28 As fases descritas a seguir não são constituem uma sequência lógica estanque, podendo haver – e

geralmente há – grande variabilidade de ocorrências em cada situação. Algumas fases podem até ser suprimidas e elas nem sempre estão interligadas entre si. O contexto, nesse sentido, é singular para delimitação dos meios e modos da desumanização.

Esses “instrumentos” mencionados por Hannah Arendt seriam o fruto de uma consideração unilateralmente totalitária do outro e consistira em qualquer ação que intente a destruição de massas que, graças ao constante crescimento populacional e a uma visão totalitária de mundo cada vez mais efetiva, vão se tornando supérfluas. E é justamente isto que visa qualquer discurso ou ato de desumanização: tornar minorias oprimidas “descartáveis” socialmente, a ponto de sua destruição inserir-se dentro de uma lógica de “naturalização do assassinato”.
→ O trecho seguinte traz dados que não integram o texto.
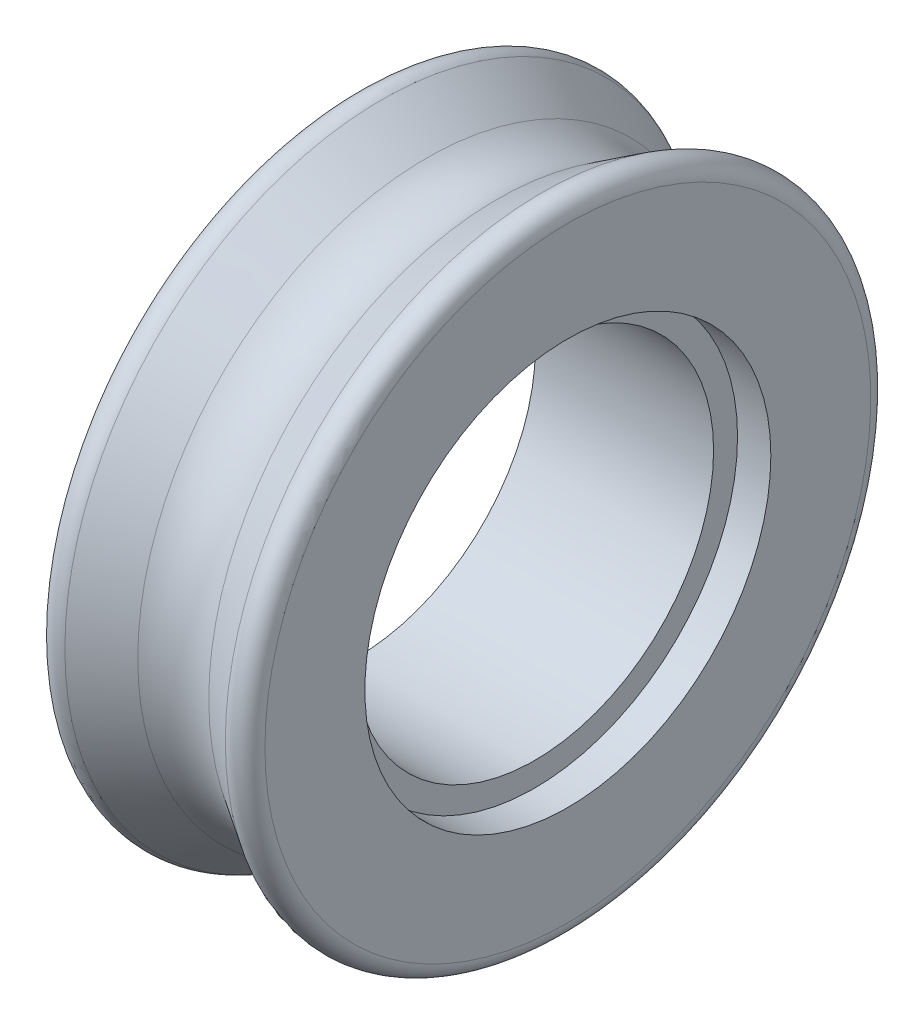
ISO-10303-21;
HEADER;
FILE_DESCRIPTION(('STEP AP214'),'2;1');
FILE_NAME('part.step','',(''),(''),'','','');
FILE_SCHEMA(('AUTOMOTIVE_DESIGN { 1 0 10303 214 1 1 1 1 }'));
ENDSEC;
DATA;
#1=APPLICATION_CONTEXT('core data for automotive mechanical design processes');
#2=APPLICATION_PROTOCOL_DEFINITION('international standard','automotive_design',2000,#1);
#3=PRODUCT_CONTEXT('',#1,'mechanical');
#4=PRODUCT('Part','Part','',(#3));
#5=PRODUCT_RELATED_PRODUCT_CATEGORY('part','',(#4));
#6=PRODUCT_DEFINITION_FORMATION('','',#4);
#7=PRODUCT_DEFINITION_CONTEXT('part definition',#1,'design');
#8=PRODUCT_DEFINITION('design','',#6,#7);
#9=PRODUCT_DEFINITION_SHAPE('','',#8);
#10=(LENGTH_UNIT() NAMED_UNIT(*) SI_UNIT(.MILLI.,.METRE.));
#11=(NAMED_UNIT(*) PLANE_ANGLE_UNIT() SI_UNIT($,.RADIAN.));
#12=(NAMED_UNIT(*) SI_UNIT($,.STERADIAN.) SOLID_ANGLE_UNIT());
#13=UNCERTAINTY_MEASURE_WITH_UNIT(LENGTH_MEASURE(1.E-05),#10,'distance_accuracy_value','');
#14=(GEOMETRIC_REPRESENTATION_CONTEXT(3) GLOBAL_UNCERTAINTY_ASSIGNED_CONTEXT((#13)) GLOBAL_UNIT_ASSIGNED_CONTEXT((#10,
#11,#12)) REPRESENTATION_CONTEXT('',''));
#15=CARTESIAN_POINT('',(0.,0.,0.));
#16=DIRECTION('',(0.,0.,1.));
#17=DIRECTION('',(1.,0.,0.));
#18=AXIS2_PLACEMENT_3D('',#15,#16,#17);
#19=CARTESIAN_POINT('',(6.35,0.,0.));
#20=DIRECTION('',(-1.,0.,0.));
#21=DIRECTION('',(0.,0.,1.));
#22=AXIS2_PLACEMENT_3D('',#19,#20,#21);
#23=PLANE('',#22);
#24=CARTESIAN_POINT('',(6.35,0.,0.));
#25=DIRECTION('',(1.,0.,0.));
#26=DIRECTION('',(0.,0.,-1.));
#27=AXIS2_PLACEMENT_3D('',#24,#25,#26);
#28=CIRCLE('',#27,6.09410773410009);
#29=CARTESIAN_POINT('',(6.35,0.,-6.09410773410009));
#30=VERTEX_POINT('',#29);
#31=EDGE_CURVE('E70',#30,#30,#28,.T.);
#32=ORIENTED_EDGE('',*,*,#31,.F.);
#33=EDGE_LOOP('',(#32));
#34=FACE_BOUND('',#33,.T.);
#35=CARTESIAN_POINT('',(6.35,0.,0.));
#36=DIRECTION('',(-1.,0.,0.));
#37=DIRECTION('',(0.,0.,1.));
#38=AXIS2_PLACEMENT_3D('',#35,#36,#37);
#39=CIRCLE('',#38,9.09410773410009);
#40=CARTESIAN_POINT('',(6.35,0.,9.09410773410009));
#41=VERTEX_POINT('',#40);
#42=EDGE_CURVE('E61',#41,#41,#39,.F.);
#43=ORIENTED_EDGE('',*,*,#42,.T.);
#44=EDGE_LOOP('',(#43));
#45=FACE_BOUND('',#44,.T.);
#46=ADVANCED_FACE('F37',(#34,#45),#23,.F.);
#47=CARTESIAN_POINT('',(6.35,0.,0.));
#48=DIRECTION('',(1.,0.,0.));
#49=DIRECTION('',(0.,0.,-1.));
#50=AXIS2_PLACEMENT_3D('',#47,#48,#49);
#51=CONICAL_SURFACE('',#50,10.,0.562130374114294);
#52=CARTESIAN_POINT('',(4.24097992304018,0.,0.));
#53=DIRECTION('',(-1.,0.,0.));
#54=DIRECTION('',(0.,0.,1.));
#55=AXIS2_PLACEMENT_3D('',#52,#53,#54);
#56=CIRCLE('',#55,8.6714834160883);
#57=CARTESIAN_POINT('',(4.24097992304018,0.,8.6714834160883));
#58=VERTEX_POINT('',#57);
#59=EDGE_CURVE('E10',#58,#58,#56,.F.);
#60=ORIENTED_EDGE('',*,*,#59,.T.);
#61=EDGE_LOOP('',(#60));
#62=FACE_BOUND('',#61,.T.);
#63=CARTESIAN_POINT('',(5.58350501923995,0.,0.));
#64=DIRECTION('',(-1.,0.,0.));
#65=DIRECTION('',(0.,0.,1.));
#66=AXIS2_PLACEMENT_3D('',#63,#64,#65);
#67=CIRCLE('',#66,9.51716851605666);
#68=CARTESIAN_POINT('',(5.58350501923995,0.,9.51716851605666));
#69=VERTEX_POINT('',#68);
#70=EDGE_CURVE('E65',#69,#69,#67,.T.);
#71=ORIENTED_EDGE('',*,*,#70,.T.);
#72=EDGE_LOOP('',(#71));
#73=FACE_BOUND('',#72,.T.);
#74=ADVANCED_FACE('F109',(#62,#73),#51,.T.);
#75=CARTESIAN_POINT('',(0.,0.,0.));
#76=DIRECTION('',(-1.,0.,0.));
#77=DIRECTION('',(0.,0.,1.));
#78=AXIS2_PLACEMENT_3D('',#75,#76,#77);
#79=CONICAL_SURFACE('',#78,10.,0.562130374114294);
#80=CARTESIAN_POINT('',(2.10902007695982,0.,0.));
#81=DIRECTION('',(1.,0.,0.));
#82=DIRECTION('',(0.,0.,-1.));
#83=AXIS2_PLACEMENT_3D('',#80,#81,#82);
#84=CIRCLE('',#83,8.6714834160883);
#85=CARTESIAN_POINT('',(2.10902007695982,0.,-8.6714834160883));
#86=VERTEX_POINT('',#85);
#87=EDGE_CURVE('E45',#86,#86,#84,.F.);
#88=ORIENTED_EDGE('',*,*,#87,.T.);
#89=EDGE_LOOP('',(#88));
#90=FACE_BOUND('',#89,.T.);
#91=CARTESIAN_POINT('',(0.766494980760042,0.,0.));
#92=DIRECTION('',(1.,0.,0.));
#93=DIRECTION('',(0.,0.,-1.));
#94=AXIS2_PLACEMENT_3D('',#91,#92,#93);
#95=CIRCLE('',#94,9.51716851605667);
#96=CARTESIAN_POINT('',(0.766494980760042,0.,-9.51716851605667));
#97=VERTEX_POINT('',#96);
#98=EDGE_CURVE('E50',#97,#97,#95,.T.);
#99=ORIENTED_EDGE('',*,*,#98,.T.);
#100=EDGE_LOOP('',(#99));
#101=FACE_BOUND('',#100,.T.);
#102=ADVANCED_FACE('F121',(#90,#101),#79,.T.);
#103=CARTESIAN_POINT('',(0.,0.,0.));
#104=DIRECTION('',(-1.,0.,0.));
#105=DIRECTION('',(0.,0.,1.));
#106=AXIS2_PLACEMENT_3D('',#103,#104,#105);
#107=PLANE('',#106);
#108=CARTESIAN_POINT('',(0.,0.,0.));
#109=DIRECTION('',(1.,0.,0.));
#110=DIRECTION('',(0.,0.,-1.));
#111=AXIS2_PLACEMENT_3D('',#108,#109,#110);
#112=CIRCLE('',#111,5.375);
#113=CARTESIAN_POINT('',(0.,0.,-5.375));
#114=VERTEX_POINT('',#113);
#115=EDGE_CURVE('E74',#114,#114,#112,.T.);
#116=ORIENTED_EDGE('',*,*,#115,.T.);
#117=EDGE_LOOP('',(#116));
#118=FACE_BOUND('',#117,.T.);
#119=CARTESIAN_POINT('',(0.,0.,0.));
#120=DIRECTION('',(-1.,0.,0.));
#121=DIRECTION('',(0.,0.,1.));
#122=AXIS2_PLACEMENT_3D('',#119,#120,#121);
#123=CIRCLE('',#122,9.09410773410009);
#124=CARTESIAN_POINT('',(0.,0.,9.09410773410009));
#125=VERTEX_POINT('',#124);
#126=EDGE_CURVE('E55',#125,#125,#123,.T.);
#127=ORIENTED_EDGE('',*,*,#126,.T.);
#128=EDGE_LOOP('',(#127));
#129=FACE_BOUND('',#128,.T.);
#130=ADVANCED_FACE('F86',(#118,#129),#107,.T.);
#131=CARTESIAN_POINT('',(5.85,0.,0.));
#132=DIRECTION('',(-1.,0.,0.));
#133=DIRECTION('',(0.,0.,1.));
#134=AXIS2_PLACEMENT_3D('',#131,#132,#133);
#135=TOROIDAL_SURFACE('',#134,9.09410773410009,0.5);
#136=ORIENTED_EDGE('',*,*,#42,.F.);
#137=EDGE_LOOP('',(#136));
#138=FACE_BOUND('',#137,.T.);
#139=ORIENTED_EDGE('',*,*,#70,.F.);
#140=EDGE_LOOP('',(#139));
#141=FACE_BOUND('',#140,.T.);
#142=ADVANCED_FACE('F113',(#138,#141),#135,.T.);
#143=CARTESIAN_POINT('',(0.5,0.,0.));
#144=DIRECTION('',(-1.,0.,0.));
#145=DIRECTION('',(0.,0.,1.));
#146=AXIS2_PLACEMENT_3D('',#143,#144,#145);
#147=TOROIDAL_SURFACE('',#146,9.09410773410009,0.5);
#148=ORIENTED_EDGE('',*,*,#98,.F.);
#149=EDGE_LOOP('',(#148));
#150=FACE_BOUND('',#149,.T.);
#151=ORIENTED_EDGE('',*,*,#126,.F.);
#152=EDGE_LOOP('',(#151));
#153=FACE_BOUND('',#152,.T.);
#154=ADVANCED_FACE('F116',(#150,#153),#147,.T.);
#155=CARTESIAN_POINT('',(3.175,0.,0.));
#156=DIRECTION('',(-1.,0.,0.));
#157=DIRECTION('',(0.,0.,1.));
#158=AXIS2_PLACEMENT_3D('',#155,#156,#157);
#159=TOROIDAL_SURFACE('',#158,10.3637265439146,2.);
#160=ORIENTED_EDGE('',*,*,#59,.F.);
#161=EDGE_LOOP('',(#160));
#162=FACE_BOUND('',#161,.T.);
#163=ORIENTED_EDGE('',*,*,#87,.F.);
#164=EDGE_LOOP('',(#163));
#165=FACE_BOUND('',#164,.T.);
#166=ADVANCED_FACE('F39',(#162,#165),#159,.F.);
#167=CARTESIAN_POINT('',(5.35,0.,0.));
#168=DIRECTION('',(1.,0.,0.));
#169=DIRECTION('',(0.,0.,-1.));
#170=AXIS2_PLACEMENT_3D('',#167,#168,#169);
#171=CYLINDRICAL_SURFACE('',#170,6.09410773410009);
#172=CARTESIAN_POINT('',(5.35,0.,0.));
#173=DIRECTION('',(1.,0.,0.));
#174=DIRECTION('',(0.,0.,-1.));
#175=AXIS2_PLACEMENT_3D('',#172,#173,#174);
#176=CIRCLE('',#175,6.09410773410009);
#177=CARTESIAN_POINT('',(5.35,0.,-6.09410773410009));
#178=VERTEX_POINT('',#177);
#179=EDGE_CURVE('E69',#178,#178,#176,.T.);
#180=ORIENTED_EDGE('',*,*,#179,.F.);
#181=EDGE_LOOP('',(#180));
#182=FACE_BOUND('',#181,.T.);
#183=ORIENTED_EDGE('',*,*,#31,.T.);
#184=EDGE_LOOP('',(#183));
#185=FACE_BOUND('',#184,.T.);
#186=ADVANCED_FACE('F98',(#182,#185),#171,.F.);
#187=CARTESIAN_POINT('',(5.35,0.,0.));
#188=DIRECTION('',(1.,0.,0.));
#189=DIRECTION('',(0.,0.,-1.));
#190=AXIS2_PLACEMENT_3D('',#187,#188,#189);
#191=PLANE('',#190);
#192=CARTESIAN_POINT('',(5.35,0.,0.));
#193=DIRECTION('',(1.,0.,0.));
#194=DIRECTION('',(0.,0.,-1.));
#195=AXIS2_PLACEMENT_3D('',#192,#193,#194);
#196=CIRCLE('',#195,5.375);
#197=CARTESIAN_POINT('',(5.35,0.,-5.375));
#198=VERTEX_POINT('',#197);
#199=EDGE_CURVE('E78',#198,#198,#196,.T.);
#200=ORIENTED_EDGE('',*,*,#199,.F.);
#201=EDGE_LOOP('',(#200));
#202=FACE_BOUND('',#201,.T.);
#203=ORIENTED_EDGE('',*,*,#179,.T.);
#204=EDGE_LOOP('',(#203));
#205=FACE_BOUND('',#204,.T.);
#206=ADVANCED_FACE('F92',(#202,#205),#191,.T.);
#207=CARTESIAN_POINT('',(0.,0.,0.));
#208=DIRECTION('',(1.,0.,0.));
#209=DIRECTION('',(0.,0.,-1.));
#210=AXIS2_PLACEMENT_3D('',#207,#208,#209);
#211=CYLINDRICAL_SURFACE('',#210,5.375);
#212=ORIENTED_EDGE('',*,*,#115,.F.);
#213=EDGE_LOOP('',(#212));
#214=FACE_BOUND('',#213,.T.);
#215=ORIENTED_EDGE('',*,*,#199,.T.);
#216=EDGE_LOOP('',(#215));
#217=FACE_BOUND('',#216,.T.);
#218=ADVANCED_FACE('F89',(#214,#217),#211,.F.);
#219=CLOSED_SHELL('',(#46,#74,#102,#130,#142,#154,#166,#186,#206,#218));
#220=MANIFOLD_SOLID_BREP('B2',#219);
#221=ADVANCED_BREP_SHAPE_REPRESENTATION('',(#18,#220),#14);
#222=SHAPE_DEFINITION_REPRESENTATION(#9,#221);
ENDSEC;
END-ISO-10303-21;

Outra possível consequência da desumanização seria a própria banalização do mal, isto é, tornar o descarte cruel de seres humanos em algo corriqueiro e, por isso mesmo, quase imperceptível. A expressão “banalidade do mal” foi utilizada incialmente por Hannah Arendt (2004, p. 15) e, para ela,

a banalidade do mal não era uma teoria ou doutrina, mas significava a natureza factual do mal perpetrado por um ser humano incapaz de pensar – por alguém que nunca pensou no que estava fazendo, quer na sua carreira como oficial da Gestapo encarregado do transporte dos/as judeus/judias, quer como prisioneiro no banco dos réus.

Hannah Arendt, assim, acreditava que a incapacidade de alguns/algumas homens/mulheres de refletir sobre suas próprias ações poderia desembocar na destruição do outro. Isso porque aquele que não pensa sobre o que faz provavelmente tende a tornar-se um “dente de engrenagem”, ou seja, alguém que se dedique ao máximo em cumprir ordens (para o bom funcionamento da estrutura a qual se está inserido) à revelia de qualquer avaliação moral, independentemente de que tipo de ação que as referidas ordens exigem que sejam cumpridas. (Cf. ARENDT, 2004, p. 106 – 108 e 122).

A referida pensadora aplicava esses conceitos aos oficiais nazistas que tentavam justificar suas ações afirmando estarem “cumprindo ordens”. No entanto, na avaliação dela, esses oficiais – sendo Eichmann provavelmente o mais emblemático – se desumanizaram a si mesmos ao se recusarem a efetivar aquilo que é a atividade mais propriamente humana: o pensamento. Ora, aqui vemos uma curiosa inversão: não seriam as vítimas as desumanizadas pelos/as opressores/as?